Some of the conclusions to emphasize why lectures can still be very effective if done well; Lectures:
v provide focus and emphasis
v reinforces learning through multimodality exposure
v explain/resolve difficulties and complexities in the notes and other readings
v provide an overview, “the big picture”
v provide exposure to experts/role models
v are a time-efficient way to learn
v encourage structure and discipline
v provide depth and insight through examples not present in the readings
v perpetuate a habitual/traditional way of learning – soothe anxiety
v provide a dynamic, interesting way to learn
· Many students regard the lecture method as a valuable multifaceted aid to learning
· The most frequently stated characteristics of a good lecturer were animation, enthusiasm, passion, and clarity/organization (See: Quick Lesson Plan Template for clarity and organization)
· A dominant theme emerging from the qualitative survey is the rather obvious point that the utility of a lecture depends heavily upon the quality of the lecturer (practice and get feedback! See Classroom Observation Form)
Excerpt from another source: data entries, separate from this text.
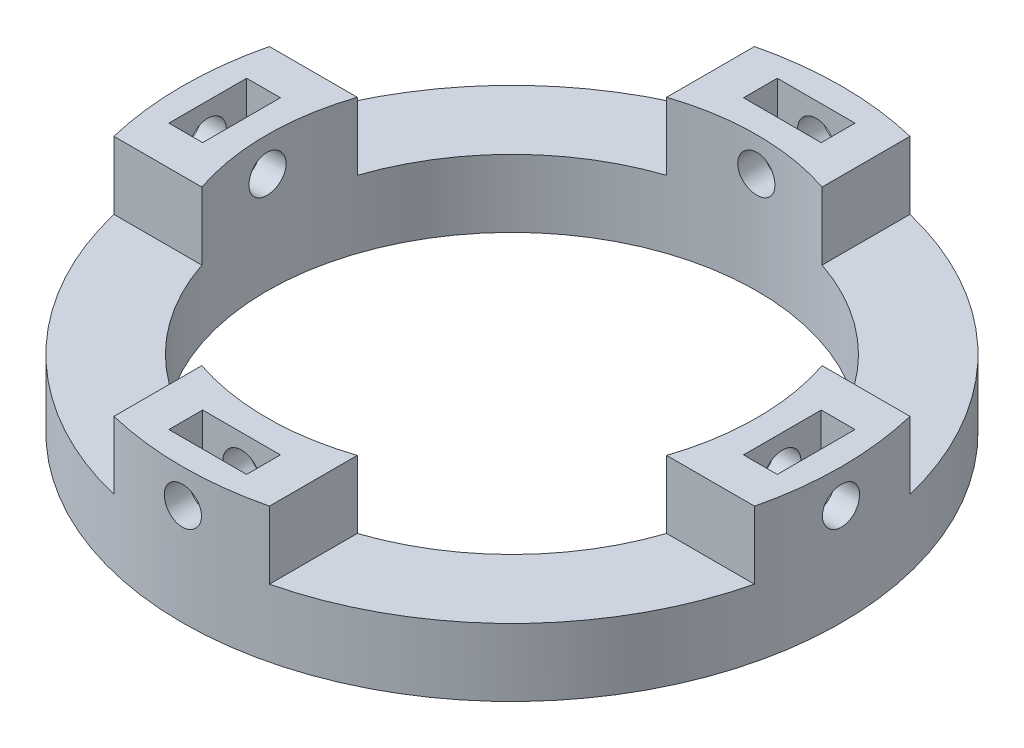
from build123d import *
from build123d.topology import SkipClean

# Parameters (mm, degrees)
SKETCH_1_R               = 19.5
SKETCH_1_R_2             = 14.5
EXTRUDE_1_DEPTH          = 4
SKETCH_3_W               = 4.6
SKETCH_3_H               = 2
SKETCH_3_W_2             = 2
SKETCH_3_H_2             = 4.6
EXTRUDE_3_DEPTH          = 4
SKETCH_12_R              = 1.1
CUT_EXTRUDE_2_DEPTH      = 44.017438324
PATTERN_CIRCULAR_2_COUNT = 2
PATTERN_CIRCULAR_2_ANGLE = 90


with BuildPart() as part:
    # Эскиз1 → Бобышка-Вытянуть1 (new body)
    with BuildSketch(Plane(origin=(0, 0, 0), x_dir=(1, 0, 0), z_dir=(0, 1, 0))):
        Circle(SKETCH_1_R)
        Circle(SKETCH_1_R_2, mode=Mode.SUBTRACT)
    extrude(amount=EXTRUDE_1_DEPTH)

    # Эскиз3 → Бобышка-Вытянуть3 (add)
    # profile 1 of 4: a face of its own
    with SkipClean():  # the faces are left unmerged after this step: merging them gives an invalid solid
        with BuildSketch(Plane(origin=(0, 4, 0), x_dir=(1, 0, 0), z_dir=(0, 1, 0))):
            with BuildLine():
                Line((-4.599991072, 18.949672349), (-4.599991072, 13.75100295))
                ThreePointArc((-4.599991072, 13.75100295), (0, 14.5), (4.599991072, 13.75100295))
                Line((4.599991072, 13.75100295), (4.599991072, 18.949672349))
                ThreePointArc((4.599991072, 18.949672349), (0, 19.5), (-4.599991072, 18.949672349))
            make_face()
            with Locations((0, 17)):
                Rectangle(SKETCH_3_W, SKETCH_3_H, mode=Mode.SUBTRACT)
        # profile 2 of 4: a face of its own
        with BuildSketch(Plane(origin=(0, 4, 0), x_dir=(1, 0, 0), z_dir=(0, 1, 0))):
            with BuildLine():
                Line((18.949672349, 4.599991072), (13.75100295, 4.599991072))
                ThreePointArc((13.75100295, 4.599991072), (14.5, 0), (13.75100295, -4.599991072))
                Line((13.75100295, -4.599991072), (18.949672349, -4.599991072))
                ThreePointArc((18.949672349, -4.599991072), (19.5, 0), (18.949672349, 4.599991072))
            make_face()
            with Locations((17, 0)):
                Rectangle(SKETCH_3_W_2, SKETCH_3_H_2, mode=Mode.SUBTRACT)
        # profile 3 of 4: a face of its own
        with BuildSketch(Plane(origin=(0, 4, 0), x_dir=(1, 0, 0), z_dir=(0, 1, 0))):
            with BuildLine():
                Line((4.599991072, -18.949672349), (4.599991072, -13.75100295))
                ThreePointArc((4.599991072, -13.75100295), (0, -14.5), (-4.599991072, -13.75100295))
                Line((-4.599991072, -13.75100295), (-4.599991072, -18.949672349))
                ThreePointArc((-4.599991072, -18.949672349), (0, -19.5), (4.599991072, -18.949672349))
            make_face()
            with Locations((0, -17)):
                Rectangle(SKETCH_3_W, SKETCH_3_H, mode=Mode.SUBTRACT)
        # profile 4 of 4: a face of its own
        with BuildSketch(Plane(origin=(0, 4, 0), x_dir=(1, 0, 0), z_dir=(0, 1, 0))):
            with BuildLine():
                Line((-18.949672349, -4.599991072), (-13.75100295, -4.599991072))
                ThreePointArc((-13.75100295, -4.599991072), (-14.5, 0), (-13.75100295, 4.599991072))
                Line((-13.75100295, 4.599991072), (-18.949672349, 4.599991072))
                ThreePointArc((-18.949672349, 4.599991072), (-19.5, 0), (-18.949672349, -4.599991072))
            make_face()
            with Locations((-17, 0)):
                Rectangle(SKETCH_3_W_2, SKETCH_3_H_2, mode=Mode.SUBTRACT)
        extrude(amount=EXTRUDE_3_DEPTH)

    # Эскиз12 → Вырез-Вытянуть2 (cut, symmetric)
    with SkipClean():  # the faces are left unmerged after this step: merging them gives an invalid solid
        with BuildSketch(Plane.XY.offset(-18)):
            with Locations((0, 6)):
                Circle(SKETCH_12_R)
        cut_extrude_2 = extrude(amount=CUT_EXTRUDE_2_DEPTH, both=True, mode=Mode.SUBTRACT)

    # Круговой массив2: Вырез-Вытянуть2 ×2 about axis
    with SkipClean():  # the faces are left unmerged after this step: merging them gives an invalid solid
        pattern_circular_2_axis = Axis((0, 4, 0), (0, -1, 0))
        for i in range(1, PATTERN_CIRCULAR_2_COUNT):
            add(cut_extrude_2.rotate(pattern_circular_2_axis, i * PATTERN_CIRCULAR_2_ANGLE / (PATTERN_CIRCULAR_2_COUNT - 1)), mode=Mode.SUBTRACT)


solid = part.part

NOTE FROM STEVE: The best lecturers I’ve experienced are actually a combination of the sage and the guide. If you lecture, and I assume everyone does, become of student of mastering that very learnable skill. Watch others, note what works, videotape yourself and review (painful but very valuable), ask for feedback using a feedback tool, select a few “great lecturing” articles from the internet and try to incorporate the best practices, read William Safire’s “Lend Me Your Ears: Great Speeches in History” – at least the intro.